= Jean-François de la Trémoille =

French Roman Catholic bishop and cardinal

Jean-François de la Trémoille (died 1507) was a French Roman Catholic bishop and cardinal.

==Biography==

A member of the House of La Trémoille, Jean-François de la Trémoille was born in the Kingdom of France ca. 1465–70, the son of Louis I de La Trémoille, Viscount of Thouars and brother of Louis II de la Trémoille.

Early in his career, he became a canon of the cathedral chapter of Orléans Cathedral. He tried to become Bishop of Agen in 1487, but lost to Leonardo Grosso della Rovere. In 1488, he became a canon of the cathedral chapter of Castres Cathedral. He also became a protonotary apostolic.

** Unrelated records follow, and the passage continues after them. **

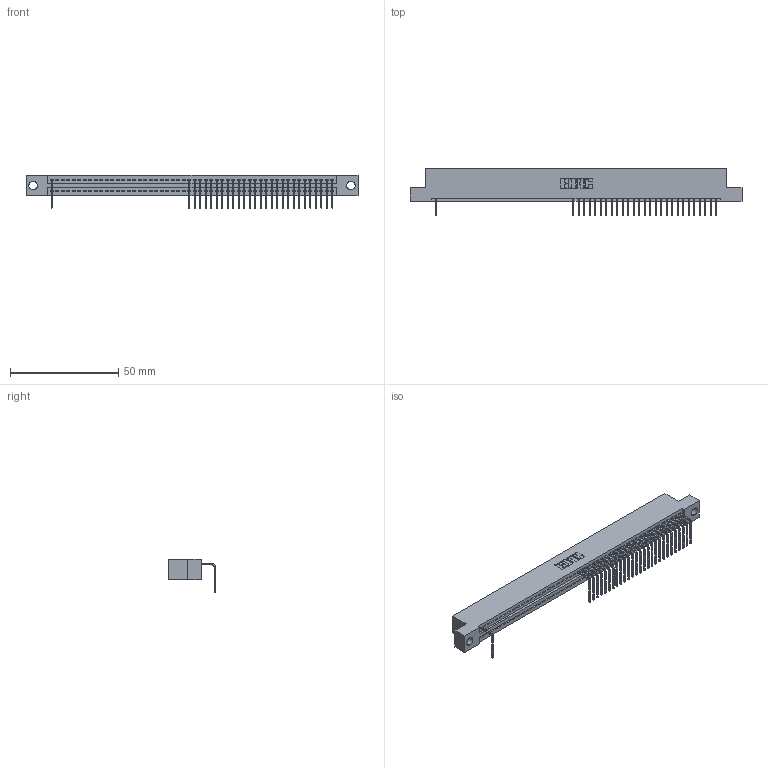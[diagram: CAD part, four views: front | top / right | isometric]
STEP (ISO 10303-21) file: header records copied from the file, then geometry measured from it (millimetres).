
FILE_DESCRIPTION (( 'STEP AP203' ), '1' );
FILE_NAME ('345-052-558-104.STEP', '2018-09-23T00:08:42', ( '' ), ( '' ), 'SwSTEP 2.0', 'SolidWorks 2016', '' );
FILE_SCHEMA (( 'CONFIG_CONTROL_DESIGN' ));
Length unit declared in the file: inch
Products named in the file (3): 345-052-558-104; 345 Part_Flush Mounting Lugs - 0.156 Dia-TH; 345-292-001_558 Tail - 2
Assembly tree (29 placements, depth 2):
  345-052-558-104
    345 Part_Flush Mounting Lugs - 0.156 Dia-TH
    345-292-001_558 Tail - 2  x28
Bounding box: 153.29 x 21.83 x 15.37 mm (x, y, z)
Volume: 14372.1 mm3; surface area: 18132.6 mm2
Topology: 29 solids, 29 shells, 2190 faces, 6733 edges, 4450 vertices
Faces by surface type: plane 1592, cylinder 598
Entity records: 37109 total; most frequent: ORIENTED_EDGE 6554, CARTESIAN_POINT 6544, DIRECTION 5673, EDGE_CURVE 3277, LINE 2937, VECTOR 2937, VERTEX_POINT 2182, AXIS2_PLACEMENT_3D 1368

On November 5, 1490, he was elected Archbishop of Auch. He became the apostolic administrator of the see of Poitiers on December 5, 1505, a position he held until his death.

Pope Julius II made him a cardinal priest in the consistory of December 18, 1506. He died before he received the red hat of a titular church.

He died in Milan sometime before June 19, 1507. He was buried in the collegiate church of Notre-Dame in Thouars. He received heart-burial; his heart was buried at the Franciscan convent in Milan.